Up at their hillside home overlooking Colonia Cacho, Seth shows me a giant, vintage “Farmacia” sign that he recently picked up, as well as a retro sign that had been threatening to fall off a Zona Norte motel for years.

“I’m still not sure what I’m going to do with that,” he says, “but I had to have it.”

Seth met Alexis just as he began figuring out his potential as a self-taught designer (thanks, YouTube), marketing his wares under the alias Art Pusher. She was working what she calls a boring job and says, “He flipped my whole world upside down. Like, whoa! It’s real to be an artist and designer.”

Alexis, who excels at photography, maintains Built Around Me’s social media and accounting in addition to working on design. The couple employs four specialists — a woodworker, a metalworker, a finisher, and an architect (“I can’t sketch to save my life,” says Seth) — and are looking into commercial spaces around Tijuana to set up a new wood/metal shop and a garden to grow succulents.

Most recently, Built Around Me has been teaming up with investors in the States to fund big interior-design projects on both sides of the border.

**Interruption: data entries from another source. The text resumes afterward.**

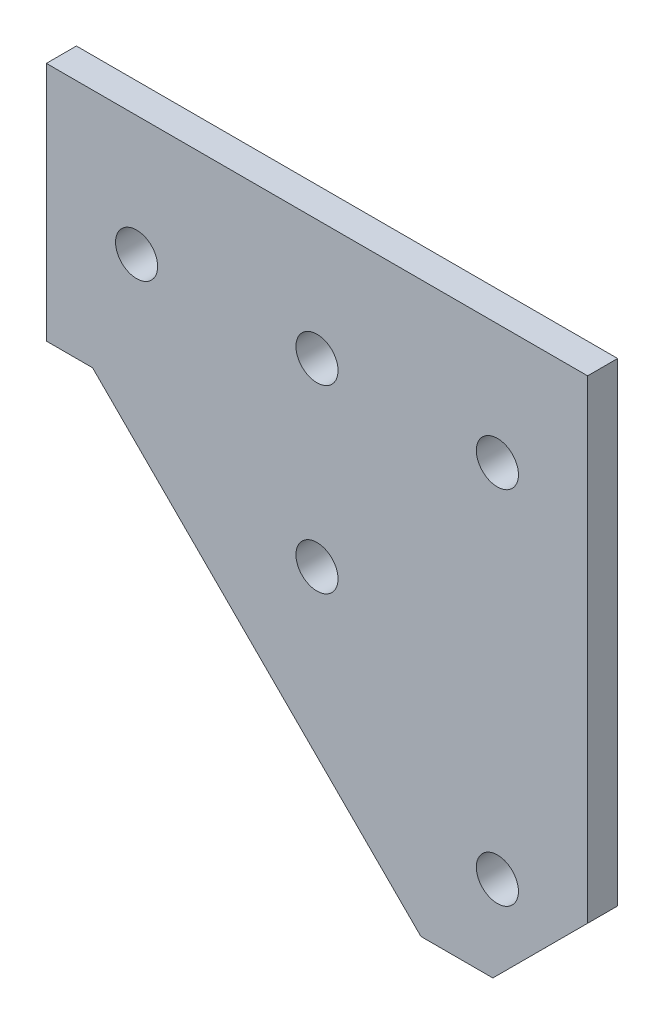
ISO-10303-21;
HEADER;
FILE_DESCRIPTION(('STEP AP214'),'2;1');
FILE_NAME('part.step','',(''),(''),'','','');
FILE_SCHEMA(('AUTOMOTIVE_DESIGN { 1 0 10303 214 1 1 1 1 }'));
ENDSEC;
DATA;
#1=APPLICATION_CONTEXT('core data for automotive mechanical design processes');
#2=APPLICATION_PROTOCOL_DEFINITION('international standard','automotive_design',2000,#1);
#3=PRODUCT_CONTEXT('',#1,'mechanical');
#4=PRODUCT('Part','Part','',(#3));
#5=PRODUCT_RELATED_PRODUCT_CATEGORY('part','',(#4));
#6=PRODUCT_DEFINITION_FORMATION('','',#4);
#7=PRODUCT_DEFINITION_CONTEXT('part definition',#1,'design');
#8=PRODUCT_DEFINITION('design','',#6,#7);
#9=PRODUCT_DEFINITION_SHAPE('','',#8);
#10=(LENGTH_UNIT() NAMED_UNIT(*) SI_UNIT(.MILLI.,.METRE.));
#11=(NAMED_UNIT(*) PLANE_ANGLE_UNIT() SI_UNIT($,.RADIAN.));
#12=(NAMED_UNIT(*) SI_UNIT($,.STERADIAN.) SOLID_ANGLE_UNIT());
#13=UNCERTAINTY_MEASURE_WITH_UNIT(LENGTH_MEASURE(1.E-05),#10,'distance_accuracy_value','');
#14=(GEOMETRIC_REPRESENTATION_CONTEXT(3) GLOBAL_UNCERTAINTY_ASSIGNED_CONTEXT((#13)) GLOBAL_UNIT_ASSIGNED_CONTEXT((#10,
#11,#12)) REPRESENTATION_CONTEXT('',''));
#15=CARTESIAN_POINT('',(0.,0.,0.));
#16=DIRECTION('',(0.,0.,1.));
#17=DIRECTION('',(1.,0.,0.));
#18=AXIS2_PLACEMENT_3D('',#15,#16,#17);
#19=CARTESIAN_POINT('',(0.,0.,2.49900007247925));
#20=DIRECTION('',(0.,0.,-1.));
#21=DIRECTION('',(-1.,0.,0.));
#22=AXIS2_PLACEMENT_3D('',#19,#20,#21);
#23=PLANE('',#22);
#24=CARTESIAN_POINT('',(15.0009994506836,-16.3500003814697,2.49900007247925));
#25=DIRECTION('',(0.,0.,1.));
#26=DIRECTION('',(1.,0.,0.));
#27=AXIS2_PLACEMENT_3D('',#24,#25,#26);
#28=CIRCLE('',#27,1.75);
#29=CARTESIAN_POINT('',(16.7509994506836,-16.3500003814697,2.49900007247925));
#30=VERTEX_POINT('',#29);
#31=EDGE_CURVE('E290',#30,#30,#28,.T.);
#32=ORIENTED_EDGE('',*,*,#31,.F.);
#33=EDGE_LOOP('',(#32));
#34=FACE_BOUND('',#33,.T.);
#35=CARTESIAN_POINT('',(15.0009994506836,13.6499996185303,2.49900007247925));
#36=DIRECTION('',(0.,0.,1.));
#37=DIRECTION('',(1.,0.,0.));
#38=AXIS2_PLACEMENT_3D('',#35,#36,#37);
#39=CIRCLE('',#38,1.75);
#40=CARTESIAN_POINT('',(16.7509994506836,13.6499996185303,2.49900007247925));
#41=VERTEX_POINT('',#40);
#42=EDGE_CURVE('E284',#41,#41,#39,.T.);
#43=ORIENTED_EDGE('',*,*,#42,.F.);
#44=EDGE_LOOP('',(#43));
#45=FACE_BOUND('',#44,.T.);
#46=CARTESIAN_POINT('',(0.000999450683597974,-1.35000038146973,2.49900007247925));
#47=DIRECTION('',(0.,0.,1.));
#48=DIRECTION('',(1.,0.,0.));
#49=AXIS2_PLACEMENT_3D('',#46,#47,#48);
#50=CIRCLE('',#49,1.75);
#51=CARTESIAN_POINT('',(1.7509994506836,-1.35000038146973,2.49900007247925));
#52=VERTEX_POINT('',#51);
#53=EDGE_CURVE('E278',#52,#52,#50,.T.);
#54=ORIENTED_EDGE('',*,*,#53,.F.);
#55=EDGE_LOOP('',(#54));
#56=FACE_BOUND('',#55,.T.);
#57=CARTESIAN_POINT('',(-14.9990005493164,13.6499996185303,2.49900007247925));
#58=DIRECTION('',(0.,0.,1.));
#59=DIRECTION('',(1.,0.,0.));
#60=AXIS2_PLACEMENT_3D('',#57,#58,#59);
#61=CIRCLE('',#60,1.75);
#62=CARTESIAN_POINT('',(-13.2490005493164,13.6499996185303,2.49900007247925));
#63=VERTEX_POINT('',#62);
#64=EDGE_CURVE('E272',#63,#63,#61,.T.);
#65=ORIENTED_EDGE('',*,*,#64,.F.);
#66=EDGE_LOOP('',(#65));
#67=FACE_BOUND('',#66,.T.);
#68=CARTESIAN_POINT('',(0.000999450683596137,13.6499996185303,2.49900007247925));
#69=DIRECTION('',(0.,0.,1.));
#70=DIRECTION('',(1.,0.,0.));
#71=AXIS2_PLACEMENT_3D('',#68,#69,#70);
#72=CIRCLE('',#71,1.75);
#73=CARTESIAN_POINT('',(1.7509994506836,13.6499996185303,2.49900007247925));
#74=VERTEX_POINT('',#73);
#75=EDGE_CURVE('E266',#74,#74,#72,.T.);
#76=ORIENTED_EDGE('',*,*,#75,.F.);
#77=EDGE_LOOP('',(#76));
#78=FACE_BOUND('',#77,.T.);
#79=DIRECTION('',(0.,1.,0.));
#80=VECTOR('',#79,1.);
#81=CARTESIAN_POINT('',(22.5009994506836,-15.7729997634888,2.49900007247925));
#82=LINE('',#81,#80);
#83=CARTESIAN_POINT('',(22.5009994506836,-15.7729997634888,2.49900007247925));
#84=VERTEX_POINT('',#83);
#85=CARTESIAN_POINT('',(22.5009994506836,23.6499996185303,2.49900007247925));
#86=VERTEX_POINT('',#85);
#87=EDGE_CURVE('E92',#84,#86,#82,.T.);
#88=ORIENTED_EDGE('',*,*,#87,.T.);
#89=DIRECTION('',(1.,0.,0.));
#90=VECTOR('',#89,1.);
#91=CARTESIAN_POINT('',(22.5009994506836,23.6499996185303,2.49900007247925));
#92=LINE('',#91,#90);
#93=CARTESIAN_POINT('',(-22.5009994506836,23.6499996185303,2.49900007247925));
#94=VERTEX_POINT('',#93);
#95=EDGE_CURVE('E245',#94,#86,#92,.T.);
#96=ORIENTED_EDGE('',*,*,#95,.F.);
#97=DIRECTION('',(0.,1.,0.));
#98=VECTOR('',#97,1.);
#99=CARTESIAN_POINT('',(-22.5009994506836,23.6499996185303,2.49900007247925));
#100=LINE('',#99,#98);
#101=CARTESIAN_POINT('',(-22.5009994506836,3.65000009536743,2.49900007247925));
#102=VERTEX_POINT('',#101);
#103=EDGE_CURVE('E262',#102,#94,#100,.T.);
#104=ORIENTED_EDGE('',*,*,#103,.F.);
#105=DIRECTION('',(1.,0.,0.));
#106=VECTOR('',#105,1.);
#107=CARTESIAN_POINT('',(-22.5009994506836,3.65000009536743,2.49900007247925));
#108=LINE('',#107,#106);
#109=CARTESIAN_POINT('',(-18.6580009460449,3.65000009536743,2.49900007247925));
#110=VERTEX_POINT('',#109);
#111=EDGE_CURVE('E126',#102,#110,#108,.T.);
#112=ORIENTED_EDGE('',*,*,#111,.T.);
#113=DIRECTION('',(-0.707093843447079,0.707119718689302,0.));
#114=VECTOR('',#113,1.);
#115=CARTESIAN_POINT('',(8.64099979400635,-23.6499996185303,2.49900007247925));
#116=LINE('',#115,#114);
#117=CARTESIAN_POINT('',(8.64099979400635,-23.6499996185303,2.49900007247925));
#118=VERTEX_POINT('',#117);
#119=EDGE_CURVE('E123',#118,#110,#116,.T.);
#120=ORIENTED_EDGE('',*,*,#119,.F.);
#121=DIRECTION('',(-1.,0.,0.));
#122=VECTOR('',#121,1.);
#123=CARTESIAN_POINT('',(14.6230001449585,-23.6499996185303,2.49900007247925));
#124=LINE('',#123,#122);
#125=CARTESIAN_POINT('',(14.6230001449585,-23.6499996185303,2.49900007247925));
#126=VERTEX_POINT('',#125);
#127=EDGE_CURVE('E108',#126,#118,#124,.T.);
#128=ORIENTED_EDGE('',*,*,#127,.F.);
#129=DIRECTION('',(-0.707151636532532,-0.707061922994982,0.));
#130=VECTOR('',#129,1.);
#131=CARTESIAN_POINT('',(22.5009994506836,-15.7729997634888,2.49900007247925));
#132=LINE('',#131,#130);
#133=EDGE_CURVE('E214',#84,#126,#132,.T.);
#134=ORIENTED_EDGE('',*,*,#133,.F.);
#135=EDGE_LOOP('',(#88,#96,#104,#112,#120,#128,#134));
#136=FACE_BOUND('',#135,.T.);
#137=ADVANCED_FACE('F38',(#34,#45,#56,#67,#78,#136),#23,.F.);
#138=CARTESIAN_POINT('',(0.,0.,0.00100000004749745));
#139=DIRECTION('',(0.,0.,1.));
#140=DIRECTION('',(1.,0.,0.));
#141=AXIS2_PLACEMENT_3D('',#138,#139,#140);
#142=PLANE('',#141);
#143=CARTESIAN_POINT('',(15.0009994506836,-16.3500003814697,0.0010000000474973));
#144=DIRECTION('',(0.,0.,1.));
#145=DIRECTION('',(1.,0.,0.));
#146=AXIS2_PLACEMENT_3D('',#143,#144,#145);
#147=CIRCLE('',#146,1.75);
#148=CARTESIAN_POINT('',(16.7509994506836,-16.3500003814697,0.0010000000474973));
#149=VERTEX_POINT('',#148);
#150=EDGE_CURVE('E287',#149,#149,#147,.T.);
#151=ORIENTED_EDGE('',*,*,#150,.T.);
#152=EDGE_LOOP('',(#151));
#153=FACE_BOUND('',#152,.T.);
#154=CARTESIAN_POINT('',(15.0009994506836,13.6499996185303,0.0010000000474973));
#155=DIRECTION('',(0.,0.,1.));
#156=DIRECTION('',(1.,0.,0.));
#157=AXIS2_PLACEMENT_3D('',#154,#155,#156);
#158=CIRCLE('',#157,1.75);
#159=CARTESIAN_POINT('',(16.7509994506836,13.6499996185303,0.0010000000474973));
#160=VERTEX_POINT('',#159);
#161=EDGE_CURVE('E281',#160,#160,#158,.T.);
#162=ORIENTED_EDGE('',*,*,#161,.T.);
#163=EDGE_LOOP('',(#162));
#164=FACE_BOUND('',#163,.T.);
#165=CARTESIAN_POINT('',(0.000999450683597974,-1.35000038146973,0.0010000000474973));
#166=DIRECTION('',(0.,0.,1.));
#167=DIRECTION('',(1.,0.,0.));
#168=AXIS2_PLACEMENT_3D('',#165,#166,#167);
#169=CIRCLE('',#168,1.75);
#170=CARTESIAN_POINT('',(1.7509994506836,-1.35000038146973,0.0010000000474973));
#171=VERTEX_POINT('',#170);
#172=EDGE_CURVE('E275',#171,#171,#169,.T.);
#173=ORIENTED_EDGE('',*,*,#172,.T.);
#174=EDGE_LOOP('',(#173));
#175=FACE_BOUND('',#174,.T.);
#176=CARTESIAN_POINT('',(-14.9990005493164,13.6499996185303,0.0010000000474973));
#177=DIRECTION('',(0.,0.,1.));
#178=DIRECTION('',(1.,0.,0.));
#179=AXIS2_PLACEMENT_3D('',#176,#177,#178);
#180=CIRCLE('',#179,1.75);
#181=CARTESIAN_POINT('',(-13.2490005493164,13.6499996185303,0.0010000000474973));
#182=VERTEX_POINT('',#181);
#183=EDGE_CURVE('E269',#182,#182,#180,.T.);
#184=ORIENTED_EDGE('',*,*,#183,.T.);
#185=EDGE_LOOP('',(#184));
#186=FACE_BOUND('',#185,.T.);
#187=CARTESIAN_POINT('',(0.000999450683596137,13.6499996185303,0.0010000000474973));
#188=DIRECTION('',(0.,0.,1.));
#189=DIRECTION('',(1.,0.,0.));
#190=AXIS2_PLACEMENT_3D('',#187,#188,#189);
#191=CIRCLE('',#190,1.75);
#192=CARTESIAN_POINT('',(1.7509994506836,13.6499996185303,0.0010000000474973));
#193=VERTEX_POINT('',#192);
#194=EDGE_CURVE('E265',#193,#193,#191,.T.);
#195=ORIENTED_EDGE('',*,*,#194,.T.);
#196=EDGE_LOOP('',(#195));
#197=FACE_BOUND('',#196,.T.);
#198=DIRECTION('',(0.707087188626439,-0.707126373203799,0.));
#199=VECTOR('',#198,1.);
#200=CARTESIAN_POINT('',(-18.6580009460449,3.65000009536743,0.00100000004749745));
#201=LINE('',#200,#199);
#202=CARTESIAN_POINT('',(-18.6580009460449,3.65000009536743,0.00100000004749744));
#203=VERTEX_POINT('',#202);
#204=CARTESIAN_POINT('',(-14.1610507965088,-0.847199261188507,0.00100000004749744));
#205=VERTEX_POINT('',#204);
#206=EDGE_CURVE('E198',#203,#205,#201,.T.);
#207=ORIENTED_EDGE('',*,*,#206,.F.);
#208=DIRECTION('',(1.,0.,0.));
#209=VECTOR('',#208,1.);
#210=CARTESIAN_POINT('',(-22.5009994506836,3.65000009536743,0.00100000004749744));
#211=LINE('',#210,#209);
#212=CARTESIAN_POINT('',(-22.5009994506836,3.65000009536743,0.00100000004749744));
#213=VERTEX_POINT('',#212);
#214=EDGE_CURVE('E250',#213,#203,#211,.T.);
#215=ORIENTED_EDGE('',*,*,#214,.F.);
#216=DIRECTION('',(0.,-1.,0.));
#217=VECTOR('',#216,1.);
#218=CARTESIAN_POINT('',(-22.5009994506836,3.65000009536743,0.00100000004749744));
#219=LINE('',#218,#217);
#220=CARTESIAN_POINT('',(-22.5009994506836,23.6499996185303,0.00100000004749745));
#221=VERTEX_POINT('',#220);
#222=EDGE_CURVE('E257',#221,#213,#219,.T.);
#223=ORIENTED_EDGE('',*,*,#222,.F.);
#224=DIRECTION('',(-1.,0.,0.));
#225=VECTOR('',#224,1.);
#226=CARTESIAN_POINT('',(-18.6580009460449,23.6499996185303,0.00100000004749745));
#227=LINE('',#226,#225);
#228=CARTESIAN_POINT('',(22.5009994506836,23.6499996185303,0.00100000004749743));
#229=VERTEX_POINT('',#228);
#230=EDGE_CURVE('E234',#229,#221,#227,.T.);
#231=ORIENTED_EDGE('',*,*,#230,.F.);
#232=DIRECTION('',(0.,1.,0.));
#233=VECTOR('',#232,1.);
#234=CARTESIAN_POINT('',(22.5009994506836,-15.7729997634888,0.00100000004749745));
#235=LINE('',#234,#233);
#236=CARTESIAN_POINT('',(22.5009994506836,-15.7729997634888,0.00100000004749743));
#237=VERTEX_POINT('',#236);
#238=EDGE_CURVE('E42',#237,#229,#235,.T.);
#239=ORIENTED_EDGE('',*,*,#238,.F.);
#240=DIRECTION('',(0.707151636532532,0.707061922994982,0.));
#241=VECTOR('',#240,1.);
#242=CARTESIAN_POINT('',(14.6230001449585,-23.6499996185303,0.00100000004749745));
#243=LINE('',#242,#241);
#244=CARTESIAN_POINT('',(14.6230001449585,-23.6499996185303,0.00100000004749741));
#245=VERTEX_POINT('',#244);
#246=EDGE_CURVE('E119',#245,#237,#243,.T.);
#247=ORIENTED_EDGE('',*,*,#246,.F.);
#248=DIRECTION('',(1.,0.,0.));
#249=VECTOR('',#248,1.);
#250=CARTESIAN_POINT('',(8.64099979400635,-23.6499996185303,0.00100000004749745));
#251=LINE('',#250,#249);
#252=CARTESIAN_POINT('',(8.64099979400635,-23.6499996185303,0.00100000004749743));
#253=VERTEX_POINT('',#252);
#254=EDGE_CURVE('E188',#253,#245,#251,.T.);
#255=ORIENTED_EDGE('',*,*,#254,.F.);
#256=DIRECTION('',(0.707055212201204,-0.707158346411262,0.));
#257=VECTOR('',#256,1.);
#258=CARTESIAN_POINT('',(6.93129014968872,-21.9400405883789,0.00100000004749745));
#259=LINE('',#258,#257);
#260=CARTESIAN_POINT('',(6.93129014968872,-21.9400405883789,0.00100000004749745));
#261=VERTEX_POINT('',#260);
#262=EDGE_CURVE('E139',#261,#253,#259,.T.);
#263=ORIENTED_EDGE('',*,*,#262,.F.);
#264=DIRECTION('',(0.707289456048854,-0.706924059119589,0.));
#265=VECTOR('',#264,1.);
#266=CARTESIAN_POINT('',(6.4494833946228,-21.4584827423096,0.00100000004749745));
#267=LINE('',#266,#265);
#268=CARTESIAN_POINT('',(6.4494833946228,-21.4584827423096,0.00100000004749741));
#269=VERTEX_POINT('',#268);
#270=EDGE_CURVE('E59',#269,#261,#267,.T.);
#271=ORIENTED_EDGE('',*,*,#270,.F.);
#272=DIRECTION('',(0.706819040544871,-0.707394404786487,0.));
#273=VECTOR('',#272,1.);
#274=CARTESIAN_POINT('',(6.08981370925903,-21.0985202789307,0.00100000004749745));
#275=LINE('',#274,#273);
#276=CARTESIAN_POINT('',(6.08981370925903,-21.0985202789307,0.00100000004749743));
#277=VERTEX_POINT('',#276);
#278=EDGE_CURVE('E12',#277,#269,#275,.T.);
#279=ORIENTED_EDGE('',*,*,#278,.F.);
#280=DIRECTION('',(0.707093827171199,-0.707119734964586,0.));
#281=VECTOR('',#280,1.);
#282=CARTESIAN_POINT('',(-13.1874361038208,-1.82056415081024,0.00100000004749745));
#283=LINE('',#282,#281);
#284=CARTESIAN_POINT('',(-13.1874361038208,-1.82056415081024,0.00100000004749744));
#285=VERTEX_POINT('',#284);
#286=EDGE_CURVE('E151',#285,#277,#283,.T.);
#287=ORIENTED_EDGE('',*,*,#286,.F.);
#288=DIRECTION('',(0.707197499194438,-0.70701605153853,0.));
#289=VECTOR('',#288,1.);
#290=CARTESIAN_POINT('',(-14.1610507965088,-0.847199261188507,0.00100000004749745));
#291=LINE('',#290,#289);
#292=EDGE_CURVE('E183',#205,#285,#291,.T.);
#293=ORIENTED_EDGE('',*,*,#292,.F.);
#294=EDGE_LOOP('',(#207,#215,#223,#231,#239,#247,#255,#263,#271,#279,#287,#293));
#295=FACE_BOUND('',#294,.T.);
#296=ADVANCED_FACE('F296',(#153,#164,#175,#186,#197,#295),#142,.F.);
#297=CARTESIAN_POINT('',(22.5009994506836,0.,0.));
#298=DIRECTION('',(1.,0.,0.));
#299=DIRECTION('',(0.,0.,-1.));
#300=AXIS2_PLACEMENT_3D('',#297,#298,#299);
#301=PLANE('',#300);
#302=ORIENTED_EDGE('',*,*,#238,.T.);
#303=DIRECTION('',(0.,0.,-1.));
#304=VECTOR('',#303,1.);
#305=CARTESIAN_POINT('',(22.5009994506836,23.6499996185303,0.00100000004749743));
#306=LINE('',#305,#304);
#307=EDGE_CURVE('E239',#86,#229,#306,.T.);
#308=ORIENTED_EDGE('',*,*,#307,.F.);
#309=ORIENTED_EDGE('',*,*,#87,.F.);
#310=DIRECTION('',(0.,0.,1.));
#311=VECTOR('',#310,1.);
#312=CARTESIAN_POINT('',(22.5009994506836,-15.7729997634888,0.00100000004749745));
#313=LINE('',#312,#311);
#314=EDGE_CURVE('E218',#237,#84,#313,.T.);
#315=ORIENTED_EDGE('',*,*,#314,.F.);
#316=EDGE_LOOP('',(#302,#308,#309,#315));
#317=FACE_BOUND('',#316,.T.);
#318=ADVANCED_FACE('F40',(#317),#301,.T.);
#319=CARTESIAN_POINT('',(19.13557214657,-19.138000109121,0.));
#320=DIRECTION('',(0.707061922994982,-0.707151636532532,0.));
#321=DIRECTION('',(0.707151636532532,0.707061922994982,0.));
#322=AXIS2_PLACEMENT_3D('',#319,#320,#321);
#323=PLANE('',#322);
#324=DIRECTION('',(0.,0.,1.));
#325=VECTOR('',#324,1.);
#326=CARTESIAN_POINT('',(14.6230001449585,-23.6499996185303,0.00100000004749745));
#327=LINE('',#326,#325);
#328=EDGE_CURVE('E116',#245,#126,#327,.T.);
#329=ORIENTED_EDGE('',*,*,#328,.F.);
#330=ORIENTED_EDGE('',*,*,#246,.T.);
#331=ORIENTED_EDGE('',*,*,#314,.T.);
#332=ORIENTED_EDGE('',*,*,#133,.T.);
#333=EDGE_LOOP('',(#329,#330,#331,#332));
#334=FACE_BOUND('',#333,.T.);
#335=ADVANCED_FACE('F342',(#334),#323,.T.);
#336=CARTESIAN_POINT('',(-7.50451739806725,-7.50410154405066,0.));
#337=DIRECTION('',(0.707126373203799,0.707087188626439,0.));
#338=DIRECTION('',(-0.707087188626439,0.707126373203799,0.));
#339=AXIS2_PLACEMENT_3D('',#336,#337,#338);
#340=PLANE('',#339);
#341=ORIENTED_EDGE('',*,*,#206,.T.);
#342=DIRECTION('',(0.658140144161474,-0.65817661624555,-0.365588693029027));
#343=VECTOR('',#342,1.);
#344=CARTESIAN_POINT('',(-18.6580009460449,3.65000009536743,2.49900007247925));
#345=LINE('',#344,#343);
#346=EDGE_CURVE('E187',#110,#205,#345,.T.);
#347=ORIENTED_EDGE('',*,*,#346,.F.);
#348=DIRECTION('',(0.,0.,-1.));
#349=VECTOR('',#348,1.);
#350=CARTESIAN_POINT('',(-18.6580009460449,3.65000009536743,2.49900007247925));
#351=LINE('',#350,#349);
#352=EDGE_CURVE('E193',#110,#203,#351,.T.);
#353=ORIENTED_EDGE('',*,*,#352,.T.);
#354=EDGE_LOOP('',(#341,#347,#353));
#355=FACE_BOUND('',#354,.T.);
#356=ADVANCED_FACE('F359',(#355),#340,.F.);
#357=CARTESIAN_POINT('',(0.,-23.6499996185303,0.));
#358=DIRECTION('',(0.,-1.,0.));
#359=DIRECTION('',(0.,0.,-1.));
#360=AXIS2_PLACEMENT_3D('',#357,#358,#359);
#361=PLANE('',#360);
#362=ORIENTED_EDGE('',*,*,#254,.T.);
#363=ORIENTED_EDGE('',*,*,#328,.T.);
#364=ORIENTED_EDGE('',*,*,#127,.T.);
#365=DIRECTION('',(0.,0.,1.));
#366=VECTOR('',#365,1.);
#367=CARTESIAN_POINT('',(8.64099979400635,-23.6499996185303,0.00100000004749745));
#368=LINE('',#367,#366);
#369=EDGE_CURVE('E113',#253,#118,#368,.T.);
#370=ORIENTED_EDGE('',*,*,#369,.F.);
#371=EDGE_LOOP('',(#362,#363,#364,#370));
#372=FACE_BOUND('',#371,.T.);
#373=ADVANCED_FACE('F111',(#372),#361,.T.);
#374=CARTESIAN_POINT('',(-7.5023072087039,-7.50423259081362,0.00421475360320862));
#375=DIRECTION('',(0.707015995767012,0.707197443408606,-0.000397197573064986));
#376=DIRECTION('',(-0.707197499194438,0.70701605153853,0.));
#377=AXIS2_PLACEMENT_3D('',#374,#375,#376);
#378=PLANE('',#377);
#379=ORIENTED_EDGE('',*,*,#292,.T.);
#380=DIRECTION('',(0.672900166017759,-0.672900092701792,-0.307263456686916));
#381=VECTOR('',#380,1.);
#382=CARTESIAN_POINT('',(-18.6580009460449,3.65000009536743,2.49900007247925));
#383=LINE('',#382,#381);
#384=EDGE_CURVE('E132',#110,#285,#383,.T.);
#385=ORIENTED_EDGE('',*,*,#384,.F.);
#386=ORIENTED_EDGE('',*,*,#346,.T.);
#387=EDGE_LOOP('',(#379,#385,#386));
#388=FACE_BOUND('',#387,.T.);
#389=ADVANCED_FACE('F353',(#388),#378,.F.);
#390=CARTESIAN_POINT('',(-7.5038696251632,-7.50277523708153,0.));
#391=DIRECTION('',(-0.707158346411262,-0.707055212201204,0.));
#392=DIRECTION('',(0.707055212201204,-0.707158346411262,0.));
#393=AXIS2_PLACEMENT_3D('',#390,#391,#392);
#394=PLANE('',#393);
#395=DIRECTION('',(0.491769759740235,-0.491841491459096,0.718508490335587));
#396=VECTOR('',#395,1.);
#397=CARTESIAN_POINT('',(6.93129014968872,-21.9400405883789,0.00100000004749745));
#398=LINE('',#397,#396);
#399=EDGE_CURVE('E138',#261,#118,#398,.T.);
#400=ORIENTED_EDGE('',*,*,#399,.F.);
#401=ORIENTED_EDGE('',*,*,#262,.T.);
#402=ORIENTED_EDGE('',*,*,#369,.T.);
#403=EDGE_LOOP('',(#400,#401,#402));
#404=FACE_BOUND('',#403,.T.);
#405=ADVANCED_FACE('F137',(#404),#394,.T.);
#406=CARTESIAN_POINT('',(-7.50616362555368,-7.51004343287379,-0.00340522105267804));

“I want them to have that Tijuana street feel but be high-end products,” Seth says. “Solid walnut dressers, credenzas… all the stuff we make has that more serape feel. More raw, but with an elegant feel.”

Take, for example, their work at Revolución gastropub La Justina, where they crafted an ambiance that includes a bar top of 10,000 pennies coated in resin and an Edison-bulb chandelier of salvaged, individually woven marine ropes. Until now, everything has been one-of-a-kind, but the couple just produced a line of 120 tractor-seat bar stools for Común, a pending East Village endeavor of transborder chef Chad White’s. They’re also redesigning the Egyptian-themed suite at a Tijuana love motel.

“There wasn’t anything here before that was cheap and nice to look at,” says Seth. “Everything was cheap and ugly or cheap and smelly. But now people are into aesthetics.”

“TJ’s really establishing itself as something in the design world, not just all the Mexican stereotypes,” Alexis says. “It’s the city investing in itself, instead of tourism like it did before. Now, everything is for the locals and more people are coming to visit because of it.”